Each one is different. Some light the whole sky a bright green, as if it were a haunted time of day. And Hadia is grateful for their yellow sun, its rays a blinding white. Some of them die so soon and others fall softly, become specks that look like bigger stars. These are her favorite—the delicate golden ones that burst and stay, their twinkling tails slowly dissolving. Smoke lingers. Amar hasn’t taken his cupped hands off of his ears but he giggles at the ones that sound like rockets, the ones that fizzle out in coils, and Mumma is holding him in her lap now, her arms wrapped around his body like she is hugging him, her chin resting on his head. It feels like the show has been going on for so long. Like it will go on forever. Each explosion makes her a little afraid: what if the tops of trees catch on fire, or what if the flame, which feels so close, lands on their jackets?

“How will we know when the finale comes?” Huda whispers into her ear. Her voice tickles Hadia’s hair, her neck. At home they convinced Baba to come by telling him about it, how there were a bunch of little fireworks and in the end a big one, a finale—Hadia had offered the word—like in an orchestra.

“You’ll just know,” she says, but she has no idea when it will be, or if she will know the end when she sees it. She looks back at Baba, and even his mouth is open, and she can see his white teeth. His face flashes green. And he looks like he is also thinking that the sky looks beautiful. Also thinking, How can I look up without smiling? Then comes the sound of the rocket ones and Hadia can hear Amar’s laughter and the tiny, twisty explosions, and Baba’s face is red, then blue, then gold, and then dark again, just his teeth still bright.



* * *





THE SUN IS relentless. Layla sits with her back straight against the balcony wall, practicing her posture. Her younger sister, Sara, is beside her. They are not touching one another.
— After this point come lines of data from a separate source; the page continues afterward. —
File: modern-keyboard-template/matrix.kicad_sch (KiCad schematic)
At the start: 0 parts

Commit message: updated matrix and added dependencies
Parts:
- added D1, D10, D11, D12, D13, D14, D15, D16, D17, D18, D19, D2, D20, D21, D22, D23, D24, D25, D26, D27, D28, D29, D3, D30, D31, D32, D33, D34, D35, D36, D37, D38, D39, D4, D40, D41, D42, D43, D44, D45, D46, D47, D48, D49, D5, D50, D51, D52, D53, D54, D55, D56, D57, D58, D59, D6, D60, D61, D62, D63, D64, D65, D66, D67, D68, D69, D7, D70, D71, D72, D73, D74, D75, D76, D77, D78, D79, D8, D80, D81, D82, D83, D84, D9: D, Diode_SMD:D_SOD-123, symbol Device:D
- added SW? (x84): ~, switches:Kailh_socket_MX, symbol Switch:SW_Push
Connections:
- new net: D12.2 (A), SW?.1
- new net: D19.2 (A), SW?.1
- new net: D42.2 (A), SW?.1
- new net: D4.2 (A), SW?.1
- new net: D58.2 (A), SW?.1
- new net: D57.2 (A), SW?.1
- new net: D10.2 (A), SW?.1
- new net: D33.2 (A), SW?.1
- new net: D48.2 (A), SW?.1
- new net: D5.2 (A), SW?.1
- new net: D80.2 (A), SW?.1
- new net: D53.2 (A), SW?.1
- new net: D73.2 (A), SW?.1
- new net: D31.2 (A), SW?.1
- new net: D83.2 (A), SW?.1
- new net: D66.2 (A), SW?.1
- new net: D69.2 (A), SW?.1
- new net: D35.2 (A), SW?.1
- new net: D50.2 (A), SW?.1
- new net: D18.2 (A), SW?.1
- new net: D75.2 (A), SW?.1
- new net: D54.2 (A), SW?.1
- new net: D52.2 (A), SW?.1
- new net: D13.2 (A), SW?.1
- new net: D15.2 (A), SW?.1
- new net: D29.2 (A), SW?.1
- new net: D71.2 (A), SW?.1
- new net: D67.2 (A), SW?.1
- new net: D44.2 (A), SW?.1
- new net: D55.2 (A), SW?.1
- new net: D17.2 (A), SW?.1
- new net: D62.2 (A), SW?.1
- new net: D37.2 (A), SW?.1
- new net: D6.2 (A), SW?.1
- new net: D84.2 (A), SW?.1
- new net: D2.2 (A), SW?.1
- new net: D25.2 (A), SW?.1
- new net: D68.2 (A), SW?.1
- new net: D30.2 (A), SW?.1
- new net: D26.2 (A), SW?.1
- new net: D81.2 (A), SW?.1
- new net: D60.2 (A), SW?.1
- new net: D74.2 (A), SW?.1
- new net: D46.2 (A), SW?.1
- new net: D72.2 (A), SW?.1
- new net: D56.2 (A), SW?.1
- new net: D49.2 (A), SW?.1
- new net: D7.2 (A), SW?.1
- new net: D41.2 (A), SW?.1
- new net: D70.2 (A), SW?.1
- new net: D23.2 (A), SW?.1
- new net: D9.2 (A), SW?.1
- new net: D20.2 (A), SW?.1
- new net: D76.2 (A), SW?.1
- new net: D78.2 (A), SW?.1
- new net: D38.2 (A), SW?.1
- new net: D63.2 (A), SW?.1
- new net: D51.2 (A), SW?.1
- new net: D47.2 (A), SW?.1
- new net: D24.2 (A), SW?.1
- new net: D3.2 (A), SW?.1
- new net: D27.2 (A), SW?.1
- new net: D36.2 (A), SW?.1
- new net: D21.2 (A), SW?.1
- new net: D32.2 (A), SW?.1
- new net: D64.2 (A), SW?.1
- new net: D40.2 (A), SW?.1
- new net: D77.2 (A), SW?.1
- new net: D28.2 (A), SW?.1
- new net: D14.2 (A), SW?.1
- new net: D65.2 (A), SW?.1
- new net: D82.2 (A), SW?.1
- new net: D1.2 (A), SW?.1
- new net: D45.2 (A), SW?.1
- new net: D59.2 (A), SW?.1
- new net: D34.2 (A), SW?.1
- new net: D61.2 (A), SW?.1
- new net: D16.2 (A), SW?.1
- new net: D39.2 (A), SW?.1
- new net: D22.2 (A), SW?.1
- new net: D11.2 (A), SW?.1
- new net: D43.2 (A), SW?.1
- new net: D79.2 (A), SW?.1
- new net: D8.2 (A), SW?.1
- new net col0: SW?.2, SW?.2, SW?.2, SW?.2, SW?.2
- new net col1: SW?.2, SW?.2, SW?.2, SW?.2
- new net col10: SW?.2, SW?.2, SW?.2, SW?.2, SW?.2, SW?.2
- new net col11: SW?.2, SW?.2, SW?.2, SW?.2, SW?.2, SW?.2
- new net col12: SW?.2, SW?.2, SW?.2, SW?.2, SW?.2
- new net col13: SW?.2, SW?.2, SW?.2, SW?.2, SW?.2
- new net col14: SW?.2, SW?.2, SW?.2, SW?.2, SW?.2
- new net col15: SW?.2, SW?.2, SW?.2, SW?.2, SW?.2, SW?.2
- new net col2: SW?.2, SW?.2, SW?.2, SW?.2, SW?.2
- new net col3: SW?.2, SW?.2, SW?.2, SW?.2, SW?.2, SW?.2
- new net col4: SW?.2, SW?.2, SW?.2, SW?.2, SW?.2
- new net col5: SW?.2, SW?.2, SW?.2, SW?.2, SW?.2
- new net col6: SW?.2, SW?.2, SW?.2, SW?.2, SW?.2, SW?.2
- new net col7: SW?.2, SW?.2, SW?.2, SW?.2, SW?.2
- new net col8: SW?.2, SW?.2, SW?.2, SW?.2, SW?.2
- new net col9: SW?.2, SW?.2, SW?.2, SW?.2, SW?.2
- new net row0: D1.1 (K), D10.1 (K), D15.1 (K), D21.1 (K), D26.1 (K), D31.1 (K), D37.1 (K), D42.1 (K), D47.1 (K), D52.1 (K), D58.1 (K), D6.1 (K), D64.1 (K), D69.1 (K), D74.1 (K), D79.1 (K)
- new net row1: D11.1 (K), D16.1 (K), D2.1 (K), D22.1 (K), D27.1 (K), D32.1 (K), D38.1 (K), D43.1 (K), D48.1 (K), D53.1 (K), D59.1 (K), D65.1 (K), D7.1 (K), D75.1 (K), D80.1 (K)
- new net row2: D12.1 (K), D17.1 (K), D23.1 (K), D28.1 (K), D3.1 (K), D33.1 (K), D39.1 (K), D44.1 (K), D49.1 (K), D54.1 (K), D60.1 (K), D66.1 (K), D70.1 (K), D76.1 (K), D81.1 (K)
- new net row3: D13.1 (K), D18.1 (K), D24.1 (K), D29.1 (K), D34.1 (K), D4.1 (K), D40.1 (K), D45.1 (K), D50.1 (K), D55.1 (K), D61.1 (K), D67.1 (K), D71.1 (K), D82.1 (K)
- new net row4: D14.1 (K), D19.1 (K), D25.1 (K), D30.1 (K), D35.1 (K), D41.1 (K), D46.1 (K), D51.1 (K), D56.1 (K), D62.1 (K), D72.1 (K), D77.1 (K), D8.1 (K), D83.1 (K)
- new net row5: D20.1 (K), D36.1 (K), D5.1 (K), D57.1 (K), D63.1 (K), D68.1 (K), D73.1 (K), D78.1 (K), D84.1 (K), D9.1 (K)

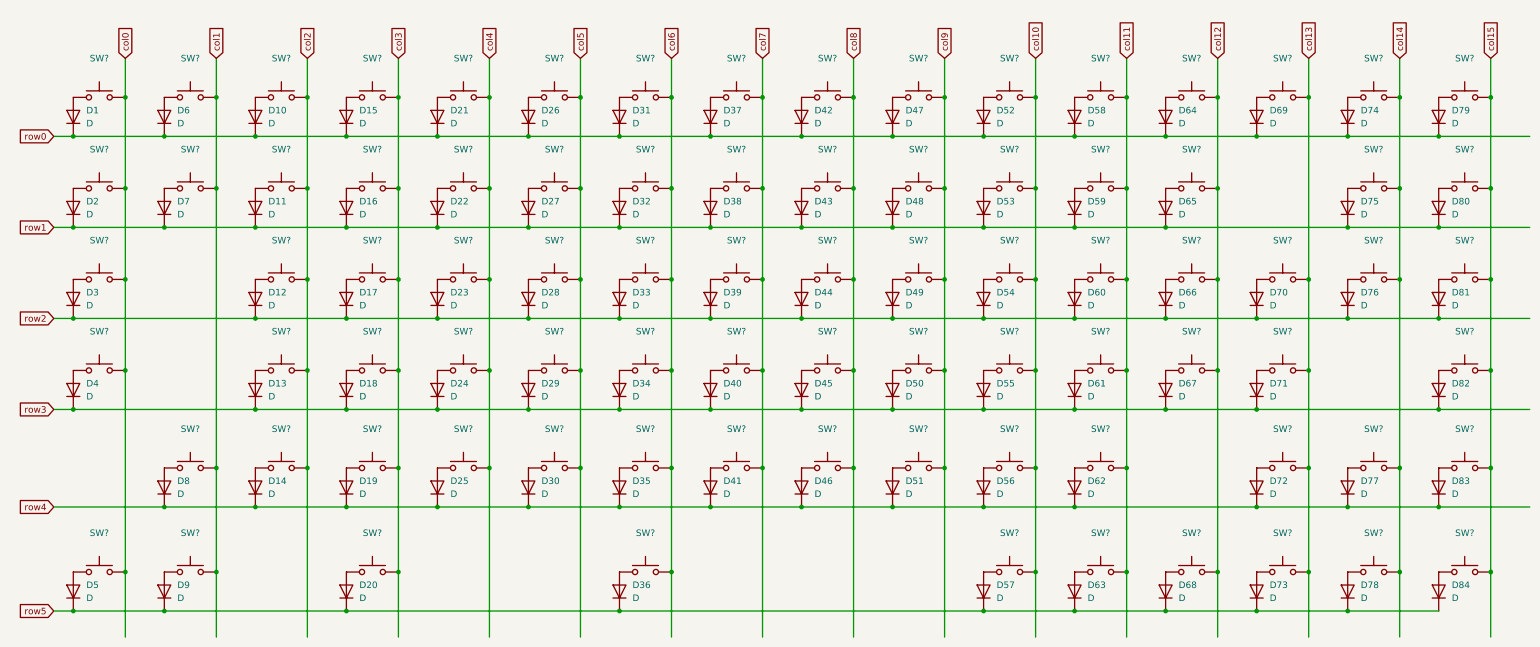
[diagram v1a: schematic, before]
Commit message: updated pcb w/ switches
need to revisit this entire design tbh
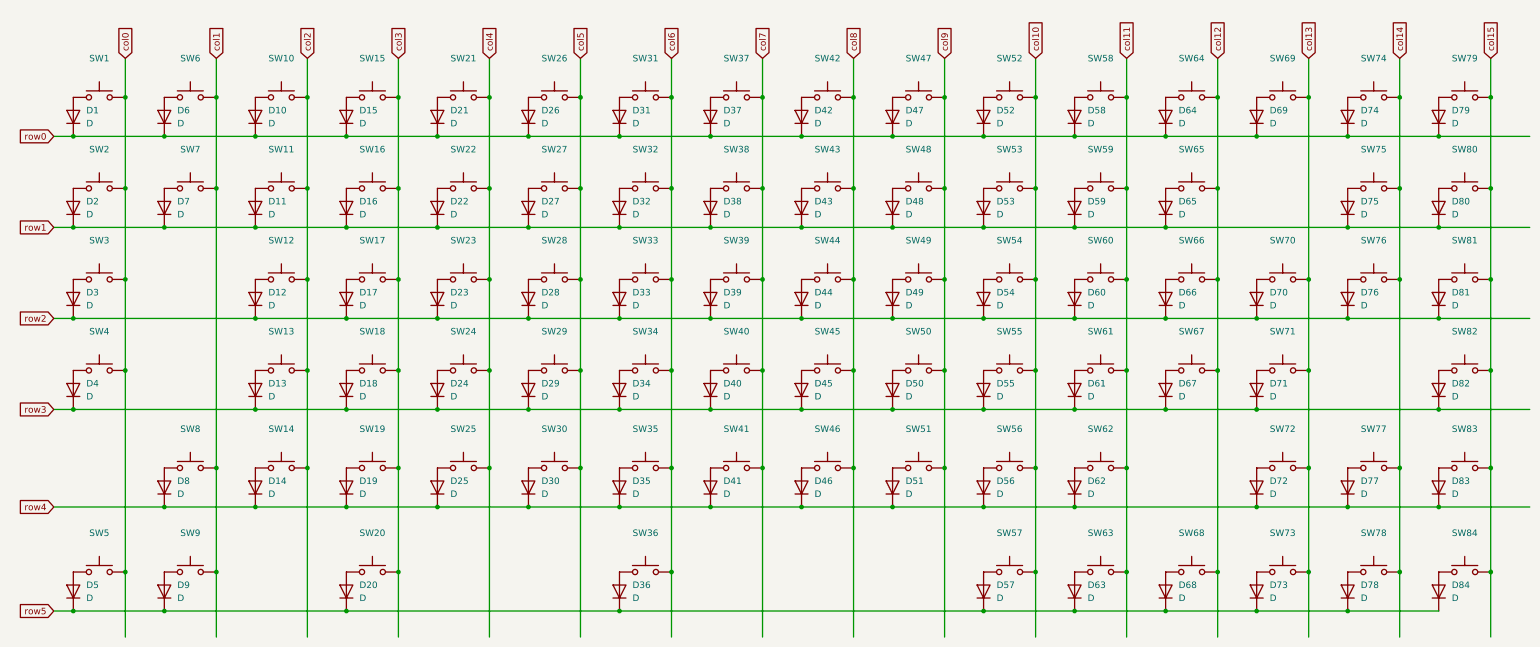
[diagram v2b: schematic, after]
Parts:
- gave numbers to parts that had none: 84

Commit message: added layout file, router keys
added layout file in /dependencies
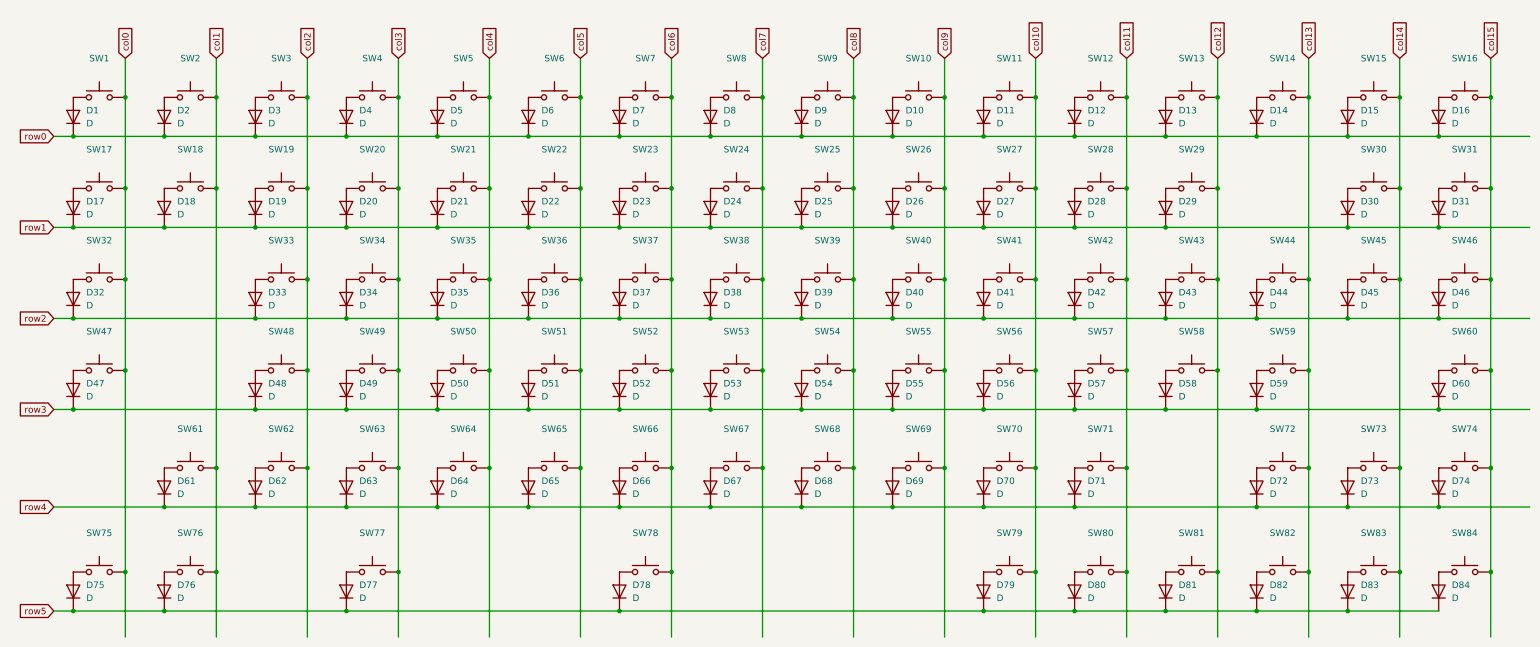
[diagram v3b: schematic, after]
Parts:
- renumbered D47 to D10, D52 to D11, D58 to D12, D64 to D13, D69 to D14, D74 to D15, D79 to D16, D2 to D17, D7 to D18, D11 to D19, D6 to D2, D16 to D20, D22 to D21, D27 to D22, D32 to D23, D38 to D24, D43 to D25, D48 to D26, D53 to D27, D59 to D28, D65 to D29, D10 to D3, D75 to D30, D80 to D31, D3 to D32, D12 to D33, D17 to D34, D23 to D35, D28 to D36, D33 to D37, D39 to D38, D44 to D39, D15 to D4, D49 to D40, D54 to D41, D60 to D42, D66 to D43, D70 to D44, D76 to D45, D81 to D46, D4 to D47, D13 to D48, D18 to D49, D21 to D5, D24 to D50, D29 to D51, D34 to D52, D40 to D53, D45 to D54, D50 to D55, D55 to D56, D61 to D57, D67 to D58, D71 to D59, D26 to D6, D82 to D60, D8 to D61, D14 to D62, D19 to D63, D25 to D64, D30 to D65, D35 to D66, D41 to D67, D46 to D68, D51 to D69, D31 to D7, D56 to D70, D62 to D71, D77 to D73, D83 to D74, D5 to D75, D9 to D76, D20 to D77, D36 to D78, D57 to D79, D37 to D8, D63 to D80, D68 to D81, D73 to D82, D78 to D83, D42 to D9, SW47 to SW10, SW52 to SW11, SW58 to SW12, SW64 to SW13, SW69 to SW14, SW74 to SW15, SW79 to SW16, SW2 to SW17, SW7 to SW18, SW11 to SW19, SW6 to SW2, SW16 to SW20, SW22 to SW21, SW27 to SW22, SW32 to SW23, SW38 to SW24, SW43 to SW25, SW48 to SW26, SW53 to SW27, SW59 to SW28, SW65 to SW29, SW10 to SW3, SW75 to SW30, SW80 to SW31, SW3 to SW32, SW12 to SW33, SW17 to SW34, SW23 to SW35, SW28 to SW36, SW33 to SW37, SW39 to SW38, SW44 to SW39, SW15 to SW4, SW49 to SW40, SW54 to SW41, SW60 to SW42, SW66 to SW43, SW70 to SW44, SW76 to SW45, SW81 to SW46, SW4 to SW47, SW13 to SW48, SW18 to SW49, SW21 to SW5, SW24 to SW50, SW29 to SW51, SW34 to SW52, SW40 to SW53, SW45 to SW54, SW50 to SW55, SW55 to SW56, SW61 to SW57, SW67 to SW58, SW71 to SW59, SW26 to SW6, SW82 to SW60, SW8 to SW61, SW14 to SW62, SW19 to SW63, SW25 to SW64, SW30 to SW65, SW35 to SW66, SW41 to SW67, SW46 to SW68, SW51 to SW69, SW31 to SW7, SW56 to SW70, SW62 to SW71, SW77 to SW73, SW83 to SW74, SW5 to SW75, SW9 to SW76, SW20 to SW77, SW36 to SW78, SW57 to SW79, SW37 to SW8, SW63 to SW80, SW68 to SW81, SW73 to SW82, SW78 to SW83, SW42 to SW9

It is their rule for sitting on the balcony on a hot day: any contact between the two of them could make the heat unbearable. She is comforted by the sounds of her street. The man who tries to sell pomegranates and mangoes. A boy who shouts at his friend with words forbidden to her. The honking of the cars and the clacking of a hoofed animal that walks by their house and into the bustle.

“You have a secret?” Sara whispers. Speaking softly is the other rule of the balcony, they come here only when they want no one to overhear them.

Layla wants to be the one to tell her. She reaches up to tug at one of the magenta petals of the bougainvillea above Sara’s head. This summer is the first time she has felt close to her sister. Before, Sara was just a little girl with whom she had the unfortunate fate of sharing a cramped bedroom. One she had to make sure wasn’t listening with her ear pressed to their door when Layla’s friends visited. Now she is the sister Layla whispers to late at night before they fall asleep. The one she goes to with her complaints about her strict teacher or if she wakes from her dreams alarmed. Sara is a light sleeper, a patient listener. She wakes as soon as Layla calls her name and is eager to be included, to be regarded by her as a young woman, as a friend.

“I might be getting married,” Layla says. She twists the orni around her finger until it is tight.

Sara asks her when and there is hurt in her voice, and Layla wonders if it is because she hasn’t told her until today, or if it is because it means she will be leaving soon. Later that night, the proposal would be coming with his uncle to speak with Mumma and Baba and to meet her.

“Mumma tells me it is a great proposal. That I have no reason to refuse it.”

Sara leans her head on Layla’s shoulder. Layla does not remind her of the balcony rule.

“Where does he live?” Sara asks.

“America.”

“That’s far.”

“There are farther places.”

“What does he do?”

“I’m not sure. Mumma says he has a good job. And that he works very hard—he’s been an orphan for years. He moved there by himself, got a job, a place to live.” She does not know why she sounds like she is trying to convince her sister.